- **Task requirements**
Please restate exactly the lines of the data below, beginning with the line containing "[A] -> Scope/1" and ending with the last line.

Extracted records:
__________

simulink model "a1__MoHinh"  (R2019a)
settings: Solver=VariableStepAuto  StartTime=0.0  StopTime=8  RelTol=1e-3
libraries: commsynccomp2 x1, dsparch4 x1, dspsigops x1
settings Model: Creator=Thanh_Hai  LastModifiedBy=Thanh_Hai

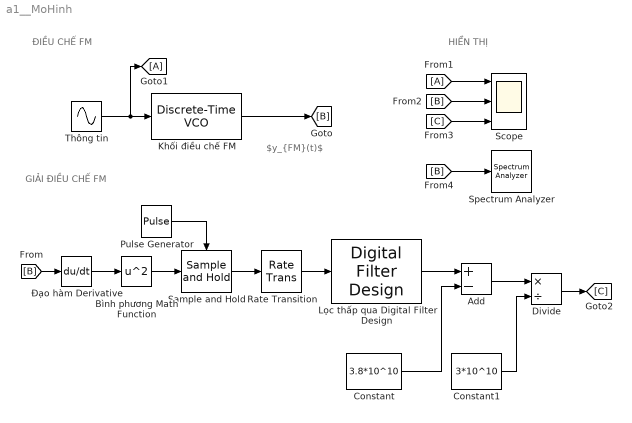
== system a1__MoHinh ==
  note: HIỂN THỊ
  note: GIẢI ĐIỀU CHẾ FM
  note: ĐIỀU CHẾ FM
  note: $y_{FM}(t)$
  Add : Sum  Inputs=+-
  Bình phương Math Function : Math  Operator=square  SaturateOnIntegerOverflow=on
  Constant : Constant  Value=3.8*10^10
  Constant1 : Constant  Value=3*10^10
  Divide : Product  Inputs=*/
  "Khối điều chế FM " : commsynccomp2/Discrete-Time VCO  Ac=5  Fc=3000  Kc=2000  Ph=0  ts=1/20000
      settings: SourceProductName=Communications Toolbox  SourceProductBaseCode=CM
  Lọc thấp qua Digital Filter Design : dsparch4/Digital Filter Design  mwdsp_browser_bugfix_var=off
  Pulse Generator : DiscretePulseGenerator  PulseType=Time based  Period=1/40000  PulseWidth=50
  Rate Transition : RateTransition  OutPortSampleTime=1/40000
  Sample and Hold : dspsigops/Sample and Hold  trig=Rising edge  initCond=0  latchinput=off
  Scope : Scope  NumInputPorts=3
  Spectrum Analyzer : SpectrumAnalyzer
  "Thông tin " : Sin  Frequency=2*pi*500  SampleTime=1/20000
  Đạo hàm Derivative : Derivative
  wires:
  "Thông tin "/1 -> "Khối điều chế FM "/1, [A]
  [A] -> Scope/1
  "Khối điều chế FM "/1 -> [B]
  Đạo hàm Derivative/1 -> Bình phương Math Function/1
  [B] -> Đạo hàm Derivative/1
  Constant/1 -> Add/2
  Bình phương Math Function/1 -> Sample and Hold/1
  Pulse Generator/1 -> Sample and Hold/Trigger
  Sample and Hold/1 -> Rate Transition/1
  Rate Transition/1 -> Lọc thấp qua Digital Filter Design/1
  Lọc thấp qua Digital Filter Design/1 -> Add/1
  Add/1 -> Divide/1
  [B] -> Scope/2
  [C] -> Scope/3
  Constant1/1 -> Divide/2
  [B] -> Spectrum Analyzer/1
  Divide/1 -> [C]

__________

- **Output for this task**
  [A] -> Scope/1
  "Khối điều chế FM "/1 -> [B]
  Đạo hàm Derivative/1 -> Bình phương Math Function/1
  [B] -> Đạo hàm Derivative/1
  Constant/1 -> Add/2
  Bình phương Math Function/1 -> Sample and Hold/1
  Pulse Generator/1 -> Sample and Hold/Trigger
  Sample and Hold/1 -> Rate Transition/1
  Rate Transition/1 -> Lọc thấp qua Digital Filter Design/1
  Lọc thấp qua Digital Filter Design/1 -> Add/1
  Add/1 -> Divide/1
  [B] -> Scope/2
  [C] -> Scope/3
  Constant1/1 -> Divide/2
  [B] -> Spectrum Analyzer/1
  Divide/1 -> [C]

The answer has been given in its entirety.